# Intro für ein Counterstrike Movie



## Deltor (5. März 2005)

*Hallo*,ich arbeite derzeit an einem Counterstrike Movie und habe eine wichtige Frage:
Wie bekomme ich Intros mit bewegter Schrift hin,so zum Beispiel das die Schrift von links nach rechts geht,mit welchem Programm geht so etwas? Das ganze soll allerdings keine Flash Datei werden sondern eine AVI datei für das Movie.

vielen Dank


----------



## Tobias Menzel (6. März 2005)

... Du kannst Flashfilme u.A. auch als AVI exportieren. 

Gruß
.


----------



## Philip Kurz (6. März 2005)

Mit welchem Programm machst du denn dein Movie? Meistens sind solche Funktionen noch schon implementiert.
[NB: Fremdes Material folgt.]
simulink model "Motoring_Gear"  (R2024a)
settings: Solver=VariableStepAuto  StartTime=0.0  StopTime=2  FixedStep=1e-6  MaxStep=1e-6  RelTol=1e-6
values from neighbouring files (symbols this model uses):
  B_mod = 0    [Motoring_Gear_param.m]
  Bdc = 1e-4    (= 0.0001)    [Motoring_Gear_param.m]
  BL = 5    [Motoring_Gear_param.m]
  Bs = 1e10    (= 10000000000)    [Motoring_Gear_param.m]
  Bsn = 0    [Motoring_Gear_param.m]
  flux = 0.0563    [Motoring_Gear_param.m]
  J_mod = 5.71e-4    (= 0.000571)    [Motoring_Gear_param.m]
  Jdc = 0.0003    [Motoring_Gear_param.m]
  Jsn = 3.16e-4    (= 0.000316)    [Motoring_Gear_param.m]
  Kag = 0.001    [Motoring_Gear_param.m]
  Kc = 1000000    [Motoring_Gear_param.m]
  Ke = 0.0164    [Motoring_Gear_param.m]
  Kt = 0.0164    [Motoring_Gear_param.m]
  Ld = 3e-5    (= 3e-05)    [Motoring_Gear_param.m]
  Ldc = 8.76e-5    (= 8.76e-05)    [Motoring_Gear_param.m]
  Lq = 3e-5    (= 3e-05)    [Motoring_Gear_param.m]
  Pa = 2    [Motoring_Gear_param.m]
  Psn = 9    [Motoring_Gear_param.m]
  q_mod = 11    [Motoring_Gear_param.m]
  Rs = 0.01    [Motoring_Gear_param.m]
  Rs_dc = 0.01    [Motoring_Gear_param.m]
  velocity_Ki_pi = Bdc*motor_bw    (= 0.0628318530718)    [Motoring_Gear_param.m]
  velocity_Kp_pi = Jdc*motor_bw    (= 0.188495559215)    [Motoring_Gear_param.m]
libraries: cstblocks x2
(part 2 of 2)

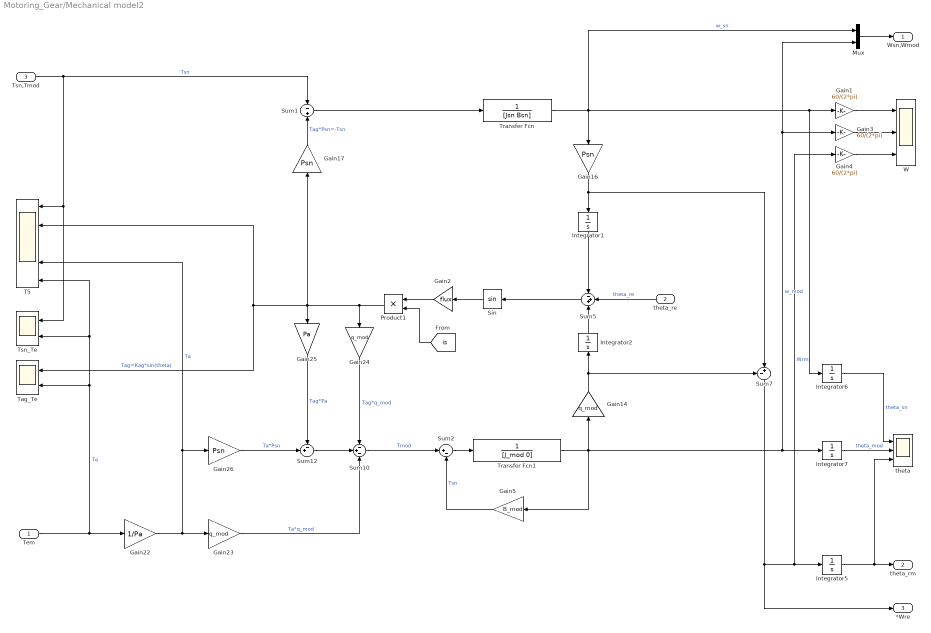
== system Motoring_Gear/Mechanical model2 ==
  Tem : Inport
  theta_re : Inport  Port=2
  Tsn,Tmod : Inport  Port=3
  Gain1 : Gain  Gain=60/(2*pi)
  Gain14 : Gain  Gain=q_mod
  Gain16 : Gain  Gain=Psn
  Gain17 : Gain  Gain=Psn
  Gain2 : Gain  Gain=flux
  Gain22 : Gain  Gain=1/Pa
  Gain23 : Gain  Gain=q_mod
  Gain24 : Gain  Gain=q_mod
  Gain25 : Gain  Gain=Pa
  Gain26 : Gain  Gain=Psn
  Gain3 : Gain  Gain=60/(2*pi)
  Gain4 : Gain  Gain=60/(2*pi)
  Gain5 : Gain  Gain=B_mod
  Integrator{1..2,5..7} (5 alike) : Integrator
  Mux : Mux  Inputs=2
  Product1 : Product
  Sin : Trigonometry
  Sum1 : Sum  Inputs=-|+
  Sum10 : Sum  Inputs=-+-
  Sum12 : Sum  Inputs=-+|
  Sum2 : Sum  Inputs=|+-
  Sum5 : Sum  Inputs=-++
  Sum7 : Sum  Inputs=-+|
  T5 : Scope  NumInputPorts=5
  Tag_Te : Scope  NumInputPorts=2
  Transfer Fcn : TransferFcn  Denominator=[Jsn Bsn]
  Transfer Fcn1 : TransferFcn  Denominator=[J_mod 0]
  Tsn_Te : Scope  NumInputPorts=2
  W : Scope  NumInputPorts=3
  theta : Scope  NumInputPorts=3
  Wsn,Wmod : Outport
  theta_rm : Outport  Port=2
  *Wre : Outport  Port=3
  wires:
  Gain4/1 -> W/3
  Gain3/1 -> W/2
  Gain1/1 -> W/1
  Tsn,Tmod/1 -> Sum1/1, Tsn_Te/1, T5/1  "Tsn"
  Mux/1 -> Wsn,Wmod/1
  Transfer Fcn/1 -> Mux/1, Gain16/1, Integrator6/1, Gain1/1  "w_sn"
  Gain17/1 -> Sum1/2  "Tag*Psn=-Tsn"
  Gain16/1 -> Integrator1/1, Sum7/2
  Product1/1 -> Gain25/1, T5/2, Tag_Te/1, Gain17/1, Gain24/1  "Tag=Kag*sin(theta)"
  Sum5/1 -> Sin/1
  Transfer Fcn1/1 -> Gain14/1, Gain3/1, Mux/2, Integrator7/1, Gain5/1  "w_mod"
  Tem/1 -> Gain22/1, T5/5, Tsn_Te/2, Tag_Te/2  "Te"
  Sum7/1 -> *Wre/1, Gain4/1, Integrator5/1  "Wrm"
  Gain25/1 -> Sum12/1  "Tag*Pa"
  Gain22/1 -> Gain26/1, T5/4, Gain23/1  "Ta"
  Gain26/1 -> Sum12/2  "Ta*Psn"
  Sum12/1 -> Sum10/2
  Gain24/1 -> Sum10/1  "Tag*q_mod"
  Gain23/1 -> Sum10/3  "Ta*q_mod"
  Sum10/1 -> Sum2/1  "Tmod"
  Integrator5/1 -> theta_rm/1, theta/3
  Integrator6/1 -> theta/1  "theta_sn"
  Integrator7/1 -> theta/2  "theta_mod"
  Sum1/1 -> Transfer Fcn/1
  theta_re/1 -> Sum5/2  "theta_re"
  Sum2/1 -> Transfer Fcn1/1
  Integrator1/1 -> Sum5/1
  Integrator2/1 -> Sum5/3
  Gain14/1 -> Integrator2/1, Sum7/1
  Gain5/1 -> Sum2/2  "Tsn"
  [is] -> Product1/2
  Gain2/1 -> Product1/1
  Sin/1 -> Gain2/1

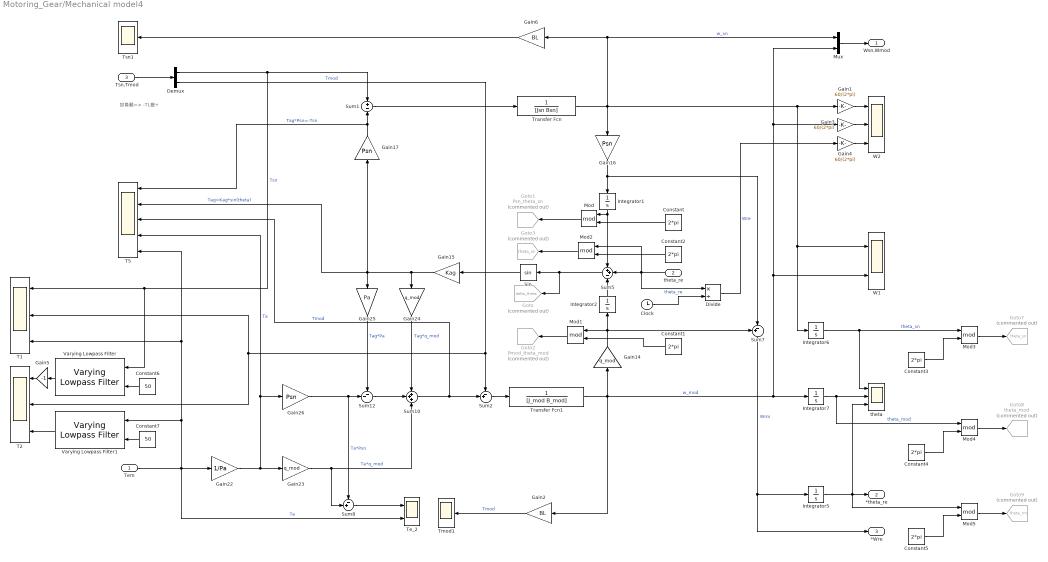
== system Motoring_Gear/Mechanical model4 ==
  note: 加負載=> -TL變+
  Tem : Inport
  theta_re : Inport  Port=2
  Tsn,Tmod : Inport  Port=3
  Clock : Clock
  Constant{,1..5} (6 alike) : Constant  Value=2*pi
  Constant6 : Constant  Value=50
  Constant7 : Constant  Value=50
  Demux : Demux  Outputs=2
  Divide : Product  Inputs=*/
  Gain1 : Gain  Gain=60/(2*pi)
  Gain14 : Gain  Gain=q_mod
  Gain15 : Gain  Gain=Kag
  Gain16 : Gain  Gain=Psn
  Gain17 : Gain  Gain=Psn
  Gain2 : Gain  Gain=BL
  Gain22 : Gain  Gain=1/Pa
  Gain23 : Gain  Gain=q_mod
  Gain24 : Gain  Gain=q_mod
  Gain25 : Gain  Gain=Pa
  Gain26 : Gain  Gain=Psn
  Gain3 : Gain  Gain=60/(2*pi)
  Gain4 : Gain  Gain=60/(2*pi)
  Gain5 : Gain  Gain=-1
  Gain6 : Gain  Gain=BL
  Goto : Goto  Commented=on  GotoTag=delta_theta  TagVisibility=global
  Goto1 : Goto  Commented=on  GotoTag=Psn_theta_sn  TagVisibility=global
  Goto2 : Goto  Commented=on  GotoTag=Pmod_theta_mod  TagVisibility=global
  Goto3 : Goto  Commented=on  GotoTag=theta_re  TagVisibility=global
  Goto7 : Goto  Commented=on  GotoTag=theta_sn  TagVisibility=global
  Goto8 : Goto  Commented=on  GotoTag=theta_mod  TagVisibility=global
  Goto9 : Goto  Commented=on  GotoTag=theta_rm  TagVisibility=global
  Integrator{1..2,5..7} (5 alike) : Integrator
  Mod{,1..5} (6 alike) : Math  Operator=mod
  Mux : Mux  Inputs=2
  Sin : Trigonometry
  Sum1 : Sum  Inputs=+|-
  Sum10 : Sum  Inputs=+++
  Sum12 : Sum  Inputs=--|
  Sum2 : Sum  Inputs=-+|
  Sum5 : Sum  Inputs=++-
  Sum7 : Sum  Inputs=+-|
  Sum8 : Sum  Inputs=-+|
  T1 : Scope  NumInputPorts=3
  T2 : Scope  NumInputPorts=3
  T5 : Scope  NumInputPorts=5
  Te_2 : Scope  NumInputPorts=2
  Tmod1 : Scope
  Transfer Fcn : TransferFcn  Denominator=[Jsn Bsn]
  Transfer Fcn1 : TransferFcn  Denominator=[J_mod B_mod]
  Tsn1 : Scope
  Varying Lowpass Filter : cstblocks/Linear Parameter Varying/Varying Lowpass Filter  N=1
  Varying Lowpass Filter1 : cstblocks/Linear Parameter Varying/Varying Lowpass Filter  N=1
  W1 : Scope  NumInputPorts=2
  W2 : Scope  NumInputPorts=3
  theta : Scope  NumInputPorts=3
  Wsn,Wmod : Outport
  *theta_re : Outport  Port=2
  *Wre : Outport  Port=3
  wires:
  Mod5/1 -> Goto9/1
  Constant5/1 -> Mod5/2
  Constant4/1 -> Mod4/2
  Mod4/1 -> Goto8/1
  Mod3/1 -> Goto7/1
  Constant3/1 -> Mod3/2
  Constant2/1 -> Mod2/2
  Mod2/1 -> Goto3/1
  Constant1/1 -> Mod1/2
  Gain14/1 -> Sum7/1, Mod1/1, Integrator2/1
  Mod1/1 -> Goto2/1
  Mod/1 -> Goto1/1
  Constant/1 -> Mod/2
  Integrator2/1 -> Sum5/3
  Integrator1/1 -> Mod/1, Sum5/1
  Sum2/1 -> Transfer Fcn1/1
  theta_re/1 -> Mod2/1, Divide/1, Sum5/2  "theta_re"
  Sum1/1 -> Transfer Fcn/1
  Sin/1 -> Gain15/1
  Integrator7/1 -> Mod4/1, theta/2  "theta_mod"
  Integrator6/1 -> Mod3/1, theta/1  "theta_sn"
  Integrator5/1 -> theta/3, *theta_re/1, Mod5/1
  Sum10/1 -> Sum2/2, T5/3  "Tmod"
  Gain23/1 -> Sum10/3, Sum8/2  "Ta*q_mod"
  Gain24/1 -> Sum10/1  "Tag*q_mod"
  Sum12/1 -> Sum10/2
  Gain26/1 -> Sum12/2, Sum8/1  "Ta*Psn"
  Gain22/1 -> Gain23/1, T5/4, Gain26/1  "Ta"
  Gain25/1 -> Sum12/1  "Tag*Pa"
  Sum7/1 -> Integrator5/1, *Wre/1  "Wrm"
  Tem/1 -> Te_2/2, Varying Lowpass Filter1/1, T1/3, T5/5, Gain22/1  "Te"
  Transfer Fcn1/1 -> Gain2/1, Integrator7/1, W1/2, Gain3/1, Mux/2, Gain14/1  "w_mod"
  Sum5/1 -> Sin/1, Goto/1
  Gain15/1 -> Gain24/1, Gain17/1, T5/2, Gain25/1  "Tag=Kag*sin(theta)"
  Gain16/1 -> Sum7/2, Integrator1/1
  Gain17/1 -> Sum1/2, T5/1  "Tag*Psn=-Tsn"
  Transfer Fcn/1 -> Gain1/1, W1/1, Integrator6/1, Gain16/1, Mux/1, Gain6/1  "w_sn"
  Sum8/1 -> Te_2/1
  Gain6/1 -> Tsn1/1
  Gain2/1 -> Tmod1/1  "Tmod"
  Mux/1 -> Wsn,Wmod/1
  Tsn,Tmod/1 -> Demux/1
  Demux/1 -> Varying Lowpass Filter/1, T1/1, Sum1/1  "Tsn"
  Demux/2 -> Sum2/1, T1/2, T2/2  "Tmod"
  Gain1/1 -> W2/1
  Gain3/1 -> W2/2
  Gain4/1 -> W2/3
  Clock/1 -> Divide/2
  Divide/1 -> Gain4/1  "Wre"
  Constant6/1 -> Varying Lowpass Filter/2
  Varying Lowpass Filter1/1 -> T2/3
  Constant7/1 -> Varying Lowpass Filter1/2
  Gain5/1 -> T2/1
  Varying Lowpass Filter/1 -> Gain5/1

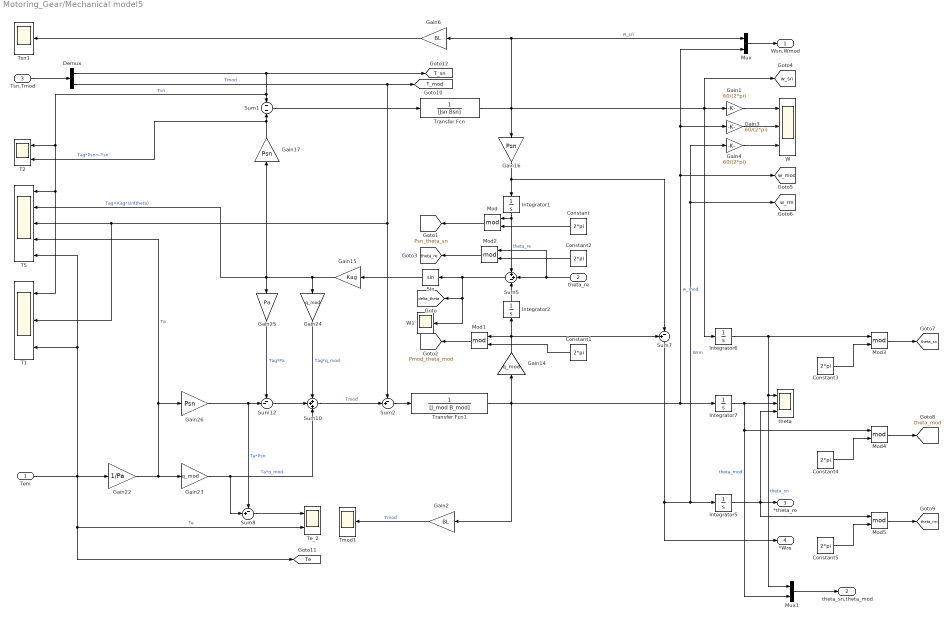
== system Motoring_Gear/Mechanical model5 ==
  Tem : Inport
  theta_re : Inport  Port=2
  Tsn,Tmod : Inport  Port=3
  Constant{,1..5} (6 alike) : Constant  Value=2*pi
  Demux : Demux  Outputs=2
  Gain1 : Gain  Gain=60/(2*pi)
  Gain14 : Gain  Gain=q_mod
  Gain15 : Gain  Gain=Kag
  Gain16 : Gain  Gain=Psn
  Gain17 : Gain  Gain=Psn
  Gain2 : Gain  Gain=BL
  Gain22 : Gain  Gain=1/Pa
  Gain23 : Gain  Gain=q_mod
  Gain24 : Gain  Gain=q_mod
  Gain25 : Gain  Gain=Pa
  Gain26 : Gain  Gain=Psn
  Gain3 : Gain  Gain=60/(2*pi)
  Gain4 : Gain  Gain=60/(2*pi)
  Gain6 : Gain  Gain=BL
  Integrator{1..2,5..7} (5 alike) : Integrator
  Mod{,1..5} (6 alike) : Math  Operator=mod
  Mux : Mux  Inputs=2
  Mux1 : Mux  Inputs=2
  Sin : Trigonometry
  Sum1 : Sum  Inputs=-|-
  Sum10 : Sum  Inputs=+++
  Sum12 : Sum  Inputs=--|
  Sum2 : Sum  Inputs=-+|
  Sum5 : Sum  Inputs=++-
  Sum7 : Sum  Inputs=+-|
  Sum8 : Sum  Inputs=-+|
  T1 : Scope  NumInputPorts=3
  T2 : Scope  NumInputPorts=2
  T5 : Scope  NumInputPorts=5
  Te_2 : Scope  NumInputPorts=2
  Tmod1 : Scope
  Transfer Fcn : TransferFcn  Denominator=[Jsn Bsn]
  Transfer Fcn1 : TransferFcn  Denominator=[J_mod B_mod]
  Tsn1 : Scope
  W : Scope  NumInputPorts=3
  W1 : Scope
  theta : Scope  NumInputPorts=3
  Wsn,Wmod : Outport
  theta_sn,theta_mod : Outport  Port=2
  *theta_re : Outport  Port=3
  *Wre : Outport  Port=4
  tag scope: Pmod_theta_mod=global, Psn_theta_sn=global, T_mod=global, T_sn=global, Te=global, delta_theta=global, theta_mod=global, theta_re=global, theta_rm=global, theta_sn=global, w_mod=global, w_rm=global, w_sn=global
  wires:
  Mux1/1 -> theta_sn,theta_mod/1
  Mod5/1 -> [theta_rm]
  Constant5/1 -> Mod5/2
  Constant4/1 -> Mod4/2
  Mod4/1 -> [theta_mod]
  Mod3/1 -> [theta_sn]
  Constant3/1 -> Mod3/2
  Constant2/1 -> Mod2/2
  Mod2/1 -> [theta_re]
  Constant1/1 -> Mod1/2
  Gain14/1 -> Sum7/1, Mod1/1, Integrator2/1
  Mod1/1 -> [Pmod_theta_mod]
  Mod/1 -> [Psn_theta_sn]
  Constant/1 -> Mod/2
  Integrator2/1 -> Sum5/3
  Integrator1/1 -> Mod/1, Sum5/1
  Sum2/1 -> Transfer Fcn1/1
  theta_re/1 -> Sum5/2, Mod2/1  "theta_re"
  Sum1/1 -> Transfer Fcn/1
  Sin/1 -> Gain15/1
  Integrator7/1 -> Mod4/1, Mux1/2, theta/2  "theta_mod"
  Integrator6/1 -> Mod3/1, Mux1/1, theta/1  "theta_sn"
  Integrator5/1 -> theta/3, *theta_re/1, Mod5/1
  Sum10/1 -> Sum2/2  "Tmod"
  Gain23/1 -> Sum10/3, Sum8/2  "Ta*q_mod"
  Gain24/1 -> Sum10/1  "Tag*q_mod"
  Sum12/1 -> Sum10/2
  Gain26/1 -> Sum12/2, Sum8/1  "Ta*Psn"
  Gain22/1 -> Gain23/1, T5/4, Gain26/1  "Ta"
  Gain25/1 -> Sum12/1  "Tag*Pa"
  Sum7/1 -> Integrator5/1, Gain4/1, [w_rm], *Wre/1  "Wrm"
  Tem/1 -> Te_2/2, [Te], T5/5, T1/3, Gain22/1  "Te"
  Transfer Fcn1/1 -> Gain2/1, Integrator7/1, Mux/2, Gain3/1, [w_mod], Gain14/1  "w_mod"
  Sum5/1 -> Sin/1, W1/1, [delta_theta]
  Gain15/1 -> Gain24/1, Gain17/1, T5/2, Gain25/1  "Tag=Kag*sin(theta)"
  Gain16/1 -> Sum7/2, Integrator1/1
  Gain17/1 -> T2/2, Sum1/2  "Tag*Psn=-Tsn"
  Transfer Fcn/1 -> Gain1/1, [w_sn], Integrator6/1, Gain16/1, Mux/1, Gain6/1  "w_sn"
  Sum8/1 -> Te_2/1
  Gain6/1 -> Tsn1/1
  Gain2/1 -> Tmod1/1  "Tmod"
  Mux/1 -> Wsn,Wmod/1
  Tsn,Tmod/1 -> Demux/1
  Demux/1 -> [T_sn], T2/1, T1/1, T5/1, Sum1/1  "Tsn"
  Demux/2 -> [T_mod], Sum2/1, T1/2, T5/3  "Tmod"
  Gain1/1 -> W/1
  Gain3/1 -> W/2
  Gain4/1 -> W/3

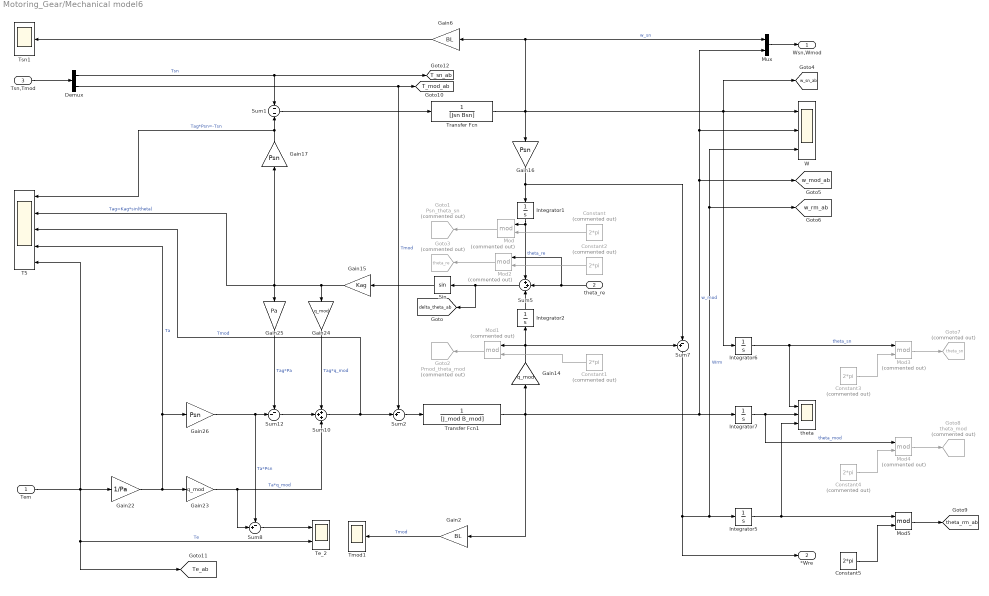
== system Motoring_Gear/Mechanical model6 ==
  Tem : Inport
  theta_re : Inport  Port=2
  Tsn,Tmod : Inport  Port=3
  Constant{,1..4} (5 alike) : Constant  Commented=on  Value=2*pi
  Constant5 : Constant  Value=2*pi
  Demux : Demux  Outputs=2
  Gain14 : Gain  Gain=q_mod
  Gain15 : Gain  Gain=Kag
  Gain16 : Gain  Gain=Psn
  Gain17 : Gain  Gain=Psn
  Gain2 : Gain  Gain=BL
  Gain22 : Gain  Gain=1/Pa
  Gain23 : Gain  Gain=q_mod
  Gain24 : Gain  Gain=q_mod
  Gain25 : Gain  Gain=Pa
  Gain26 : Gain  Gain=Psn
  Gain6 : Gain  Gain=BL
  Goto1 : Goto  Commented=on  GotoTag=Psn_theta_sn  TagVisibility=global
  Goto2 : Goto  Commented=on  GotoTag=Pmod_theta_mod  TagVisibility=global
  Goto3 : Goto  Commented=on  GotoTag=theta_re  TagVisibility=global
  Goto7 : Goto  Commented=on  GotoTag=theta_sn  TagVisibility=global
  Goto8 : Goto  Commented=on  GotoTag=theta_mod  TagVisibility=global
  Integrator{1..2,5..7} (5 alike) : Integrator
  Mod{,1..4} (5 alike) : Math  Commented=on  Operator=mod
  Mod5 : Math  Operator=mod
  Mux : Mux  Inputs=2
  Sin : Trigonometry
  Sum1 : Sum  Inputs=-|-
  Sum10 : Sum  Inputs=+++
  Sum12 : Sum  Inputs=--|
  Sum2 : Sum  Inputs=-+|
  Sum5 : Sum  Inputs=++-
  Sum7 : Sum  Inputs=+-|
  Sum8 : Sum  Inputs=-+|
  T5 : Scope  NumInputPorts=5
  Te_2 : Scope  NumInputPorts=2
  Tmod1 : Scope
  Transfer Fcn : TransferFcn  Denominator=[Jsn Bsn]
  Transfer Fcn1 : TransferFcn  Denominator=[J_mod B_mod]
  Tsn1 : Scope
  W : Scope  NumInputPorts=3
  theta : Scope  NumInputPorts=3
  Wsn,Wmod : Outport
  *Wre : Outport  Port=2
  tag scope: T_mod_ab=global, T_sn_ab=global, Te_ab=global, delta_theta_ab=global, theta_rm_ab=global, w_mod_ab=global, w_rm_ab=global, w_sn_ab=global
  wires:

Ansonsten würde ich dir raten, mal die Demo von Adobe AfterEffects auszuprobieren ... ist evtl. wie mit Kanonen auf Spatzen schießen ...


----------



## rundes kipfal (7. März 2005)

einfach die schrift im photoshop schreiben, als png (transparent) oder mit als jpg mit alpha-kanal (dazu brauchst du dann allerdigns als videoschnittprogram adobe premiere, aber png reicht sowieso also vergiss das mit dem alpha-kanal  ) abspeichern und dann im videoschnittprogramm von links nach rechts (oder umgekehrt) laufen lassen

oder eben den umweg übers flash gehen und als avi exportieren und dann dazuschneiden


----------